A new technique to probe the inside of a cryostat has just been tested at Fermilab, in the United States. Between March and May 2023, scientists have been able to monitor with a resolution of a few micrometres the position of a cold mass inside a cryostat during a thermal cycle.
The component subjected to this new technique was the first of the new High Luminosity LHC triplet quadrupole magnets built by the Accelerator Upgrade Project (AUP) collaboration and tested in its final cryostated configuration at Fermilab. To carry out these measurements, special thermo-optical targets were mounted on the cold mass before it was installed in the cryostat. The position of these targets was then measured very accurately in the referential frame of the cryostat after the cryostating process. In parallel, dedicated optical heads integrating an optical fibre feedthrough were installed on the vacuum vessel and measured in the cryostat referential frame. The absolute distances between the heads and the targets were then measured continuously at three locations along the length of the cryostated magnet: at the extremities and at its centre (see Figure 1). The measurement technique is based on Frequency Scanning Interferometry (FSI).
The thermal cycle lasted for more than 2 months, starting with an initial slow cooling of the cryostated magnet from 295K to 5K, with a stable cold phase lasting more than one month at 5K, and reheating to 295K at the end of the cycle.
The measurements performed show a longitudinal contraction of nearly 15 mm of both extremities of the cold mass and of 1.55 mm in the vertical direction between 295K and 5K (see Figure 2). No relevant displacements are seen along the radial direction, while a good symmetry of both extremities was observed. The transverse position of the cold mass within the vacuum vessel is determined with an accuracy below 0.1 mm and can be monitored with a resolution in the order of 10 µm. A second thermal cycle will soon be carried out on the same component, to verify the repeatability of the process and therefore the robustness of the measurement technique.

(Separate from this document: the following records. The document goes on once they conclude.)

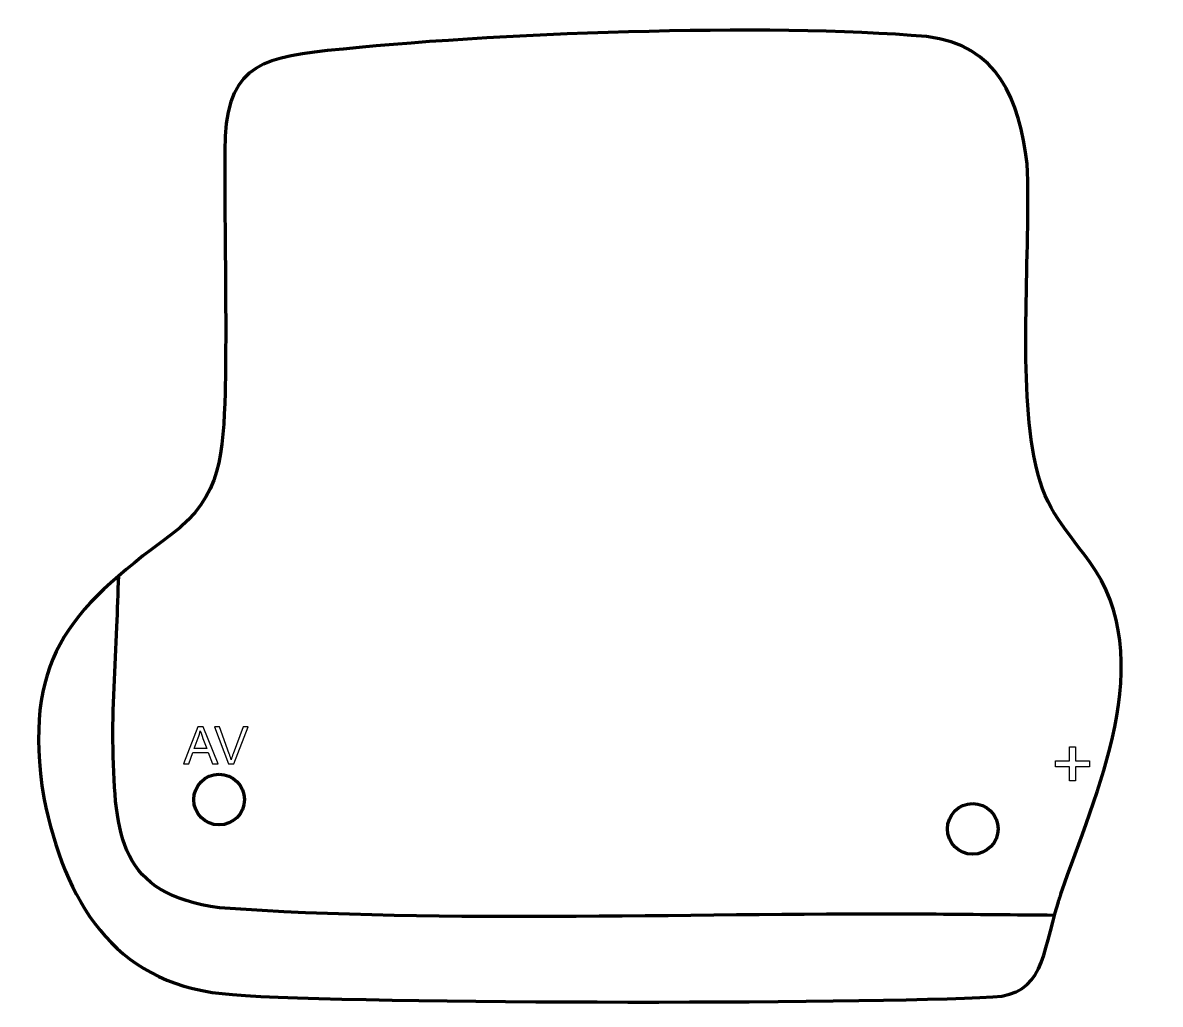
# Model space of a CAD drawing. Header units: millimetres. Extents: x 955 to 1516, y 66 to 550.
import ezdxf

# ---------------------------------------------------------------- set-up
doc = ezdxf.new("R2010")
doc.units = ezdxf.units.MM
doc.header["$MEASUREMENT"] = 0
doc.layers.add('layer 2', color=7, linetype='Continuous')
doc.layers.add('layer 3', color=7, linetype='Continuous')

msp = doc.modelspace()

# ---------------------------------------------------------------- linework, layer by layer
at = {"layer": 'layer 2', "color": 142, "lineweight": 200}
for centre in [(1051.6859, 166.9728), (1423.4919, 152.5532)]:
    msp.add_ellipse(centre, major_axis=(0, 12.5), ratio=1, dxfattribs=at)
at = {"layer": 'layer 2', "color": 140, "lineweight": 158}
msp.add_open_spline([(1463.8533, 109.9004), (1444.3623, 110.0693), (1424.8712, 110.2383), (1405.3802, 110.4072), (1405.3802, 110.4072), (1292.6019, 111.3846), (1162.7815, 105.5206), (1051.8949, 113.6246), (1051.8949, 113.6246), (1002.4609, 120.3275), (1000.355, 149.2188), (999.3555, 192.3017), (999.3555, 192.3017), (998.8943, 212.1778), (1000.5734, 232.284), (1001.2918, 252.1652), (1001.2918, 252.1652), (1001.5833, 260.5694), (1001.8764, 268.9735), (1002.17, 277.3776)], degree=3, knots=[0, 0, 0, 0, 0.16666667, 0.16666667, 0.16666667, 0.16666667, 0.33333333, 0.33333333, 0.33333333, 0.33333333, 0.5, 0.5, 0.5, 0.5, 0.66666667, 0.66666667, 0.66666667, 0.66666667, 1, 1, 1, 1], dxfattribs=at)
at = {"layer": 'layer 2', "color": 142}
for points, knots in [([(1034.1527, 184.6689), (1034.1527, 184.6689), (1041.1292, 202.8553), (1041.1292, 202.8553), (1041.1292, 202.8553), (1041.1292, 202.8553), (1043.7751, 202.8553), (1043.7751, 202.8553), (1043.7751, 202.8553), (1043.7751, 202.8553), (1051.1792, 184.6689), (1051.1792, 184.6689), (1051.1792, 184.6689), (1051.1792, 184.6689), (1048.4402, 184.6689), (1048.4402, 184.6689), (1048.4402, 184.6689), (1048.4402, 184.6689), (1046.3362, 190.1807), (1046.3362, 190.1807), (1046.3362, 190.1807), (1046.3362, 190.1807), (1038.6781, 190.1807), (1038.6781, 190.1807), (1038.6781, 190.1807), (1038.6781, 190.1807), (1036.7054, 184.6689), (1036.7054, 184.6689), (1036.7054, 184.6689), (1036.7054, 184.6689), (1034.1527, 184.6689), (1034.1527, 184.6689)], [0, 0, 0, 0, 0.11111111, 0.11111111, 0.11111111, 0.11111111, 0.22222222, 0.22222222, 0.22222222, 0.22222222, 0.33333333, 0.33333333, 0.33333333, 0.33333333, 0.44444444, 0.44444444, 0.44444444, 0.44444444, 0.55555556, 0.55555556, 0.55555556, 0.55555556, 0.66666667, 0.66666667, 0.66666667, 0.66666667, 0.77777778, 0.77777778, 0.77777778, 0.77777778, 1, 1, 1, 1]), ([(1056.3862, 184.6689), (1056.3862, 184.6689), (1049.3589, 202.8553), (1049.3589, 202.8553), (1049.3589, 202.8553), (1049.3589, 202.8553), (1051.9666, 202.8553), (1051.9666, 202.8553), (1051.9666, 202.8553), (1051.9666, 202.8553), (1056.691, 189.6388), (1056.691, 189.6388), (1056.691, 189.6388), (1057.0678, 188.5805), (1057.3895, 187.5899), (1057.6435, 186.6628), (1057.6435, 186.6628), (1057.9229, 187.6576), (1058.2489, 188.6482), (1058.6214, 189.6388), (1058.6214, 189.6388), (1058.6214, 189.6388), (1063.5236, 202.8553), (1063.5236, 202.8553), (1063.5236, 202.8553), (1063.5236, 202.8553), (1065.9789, 202.8553), (1065.9789, 202.8553), (1065.9789, 202.8553), (1065.9789, 202.8553), (1058.8881, 184.6689), (1058.8881, 184.6689), (1058.8881, 184.6689), (1058.8881, 184.6689), (1056.3862, 184.6689), (1056.3862, 184.6689)], [0, 0, 0, 0, 0.1, 0.1, 0.1, 0.1, 0.2, 0.2, 0.2, 0.2, 0.3, 0.3, 0.3, 0.3, 0.4, 0.4, 0.4, 0.4, 0.5, 0.5, 0.5, 0.5, 0.6, 0.6, 0.6, 0.6, 0.7, 0.7, 0.7, 0.7, 0.8, 0.8, 0.8, 0.8, 1, 1, 1, 1]), ([(1039.3851, 192.1365), (1039.3851, 192.1365), (1045.5827, 192.1365), (1045.5827, 192.1365), (1045.5827, 192.1365), (1045.5827, 192.1365), (1043.6862, 197.1784), (1043.6862, 197.1784), (1043.6862, 197.1784), (1043.1147, 198.7109), (1042.6829, 199.9766), (1042.3823, 200.9757), (1042.3823, 200.9757), (1042.1325, 199.7904), (1041.7981, 198.6262), (1041.379, 197.4747), (1041.379, 197.4747), (1041.379, 197.4747), (1039.3851, 192.1365), (1039.3851, 192.1365)], [0, 0, 0, 0, 0.16666667, 0.16666667, 0.16666667, 0.16666667, 0.33333333, 0.33333333, 0.33333333, 0.33333333, 0.5, 0.5, 0.5, 0.5, 0.66666667, 0.66666667, 0.66666667, 0.66666667, 1, 1, 1, 1]), ([(1474.1695, 176.2906), (1474.1695, 176.2906), (1474.1695, 183.2051), (1474.1695, 183.2051), (1474.1695, 183.2051), (1474.1695, 183.2051), (1481.0486, 183.2051), (1481.0486, 183.2051), (1481.0486, 183.2051), (1481.0486, 183.2051), (1481.0486, 186.0979), (1481.0486, 186.0979), (1481.0486, 186.0979), (1481.0486, 186.0979), (1474.1695, 186.0979), (1474.1695, 186.0979), (1474.1695, 186.0979), (1474.1695, 186.0979), (1474.1695, 192.977), (1474.1695, 192.977), (1474.1695, 192.977), (1474.1695, 192.977), (1471.2414, 192.977), (1471.2414, 192.977), (1471.2414, 192.977), (1471.2414, 192.977), (1471.2414, 186.0979), (1471.2414, 186.0979), (1471.2414, 186.0979), (1471.2414, 186.0979), (1464.3622, 186.0979), (1464.3622, 186.0979), (1464.3622, 186.0979), (1464.3622, 186.0979), (1464.3622, 183.2051), (1464.3622, 183.2051), (1464.3622, 183.2051), (1464.3622, 183.2051), (1471.2414, 183.2051), (1471.2414, 183.2051), (1471.2414, 183.2051), (1471.2414, 183.2051), (1471.2414, 176.2906), (1471.2414, 176.2906), (1471.2414, 176.2906), (1471.2414, 176.2906), (1474.1695, 176.2906), (1474.1695, 176.2906)], [0, 0, 0, 0, 0.07692308, 0.07692308, 0.07692308, 0.07692308, 0.15384615, 0.15384615, 0.15384615, 0.15384615, 0.23076923, 0.23076923, 0.23076923, 0.23076923, 0.30769231, 0.30769231, 0.30769231, 0.30769231, 0.38461538, 0.38461538, 0.38461538, 0.38461538, 0.46153846, 0.46153846, 0.46153846, 0.46153846, 0.53846154, 0.53846154, 0.53846154, 0.53846154, 0.61538462, 0.61538462, 0.61538462, 0.61538462, 0.69230769, 0.69230769, 0.69230769, 0.69230769, 0.76923077, 0.76923077, 0.76923077, 0.76923077, 0.84615385, 0.84615385, 0.84615385, 0.84615385, 1, 1, 1, 1])]:
    msp.add_open_spline(points, degree=3, knots=knots, dxfattribs=at)
at = {"layer": 'layer 3', "color": 242, "lineweight": 158}
msp.add_open_spline([(1467.1789, 121.0013), (1483.9421, 169.5525), (1515.9986, 236.5659), (1481.1849, 284.1487), (1481.1849, 284.1487), (1466.7763, 303.8422), (1458.4795, 310.9894), (1453.6944, 336.5271), (1453.6944, 336.5271), (1445.9101, 378.0723), (1452.1321, 436.4403), (1450.3597, 480.5684), (1450.3597, 480.5684), (1446.5818, 511.8791), (1435.944, 539.3895), (1400.6967, 543.296), (1400.6967, 543.296), (1322.4602, 550.1398), (1185.5138, 545.0268), (1105.1508, 536.3809), (1105.1508, 536.3809), (1069.5952, 532.5557), (1054.7312, 527.0477), (1054.4517, 487.04), (1054.4517, 487.04), (1054.3157, 447.3589), (1055.4746, 407.3969), (1054.6338, 367.7732), (1054.6338, 367.7732), (1053.5631, 338.695), (1053.5087, 316.2038), (1027.8836, 297.5463), (1027.8836, 297.5463), (976.1426, 259.5309), (954.8231, 235.1471), (965.1768, 167.7777), (965.1768, 167.7777), (975.804, 116.7785), (999.2659, 77.0879), (1053.1742, 71.273), (1053.1742, 71.273), (1101.5522, 66.0546), (1371.3583, 66.1298), (1433.3764, 69.6398), (1433.3764, 69.6398), (1458.432, 71.0579), (1457.601, 89.8244), (1465.5991, 115.9419), (1465.5991, 115.9419), (1466.1872, 117.8624), (1466.7799, 119.7817), (1467.3731, 121.7008)], degree=3, knots=[0, 0, 0, 0, 0.07142857, 0.07142857, 0.07142857, 0.07142857, 0.14285714, 0.14285714, 0.14285714, 0.14285714, 0.21428571, 0.21428571, 0.21428571, 0.21428571, 0.28571429, 0.28571429, 0.28571429, 0.28571429, 0.35714286, 0.35714286, 0.35714286, 0.35714286, 0.42857143, 0.42857143, 0.42857143, 0.42857143, 0.5, 0.5, 0.5, 0.5, 0.57142857, 0.57142857, 0.57142857, 0.57142857, 0.64285714, 0.64285714, 0.64285714, 0.64285714, 0.71428571, 0.71428571, 0.71428571, 0.71428571, 0.78571429, 0.78571429, 0.78571429, 0.78571429, 0.85714286, 0.85714286, 0.85714286, 0.85714286, 1, 1, 1, 1], dxfattribs=at)

doc.saveas('drawing.dxf')

These results come after a long process of development and qualification tests at CERN. The first test measurements had already been undertaken on an LHC dipole in 2018 [1], highlighting the need to develop specific insulated targets and to develop more robust analysis tools and algorithms for the FSI measurements. Special calibration processes have also been developed and qualified to optimise measurement accuracy [2]. A first version of an intra-cryostat FSI measurement system was installed on the HL-LHC crab cavity prototype inside the SPS accelerator in 2018, demonstrating very good measurement repeatability throughout thermal cycles, and the micrometric resolution of measurements [3].
All of the 16 inner triplet quadrupoles and the 8 crab cavities of the HL-LHC project will all be equipped with this new FSI-based measurement technique, offering a much better monitoring and understanding of the position of cold masses and crab cavities inside their cryostats. The final system will comprise some 320 measurement channels. The corresponding hardware and software are currently being industrialised through collaboration between several groups in CERN’s Beams Department. The next step is to qualify this measurement technique on the HL-LHC Inner Triplet String, which is due to start its cooldown in the second half of 2024.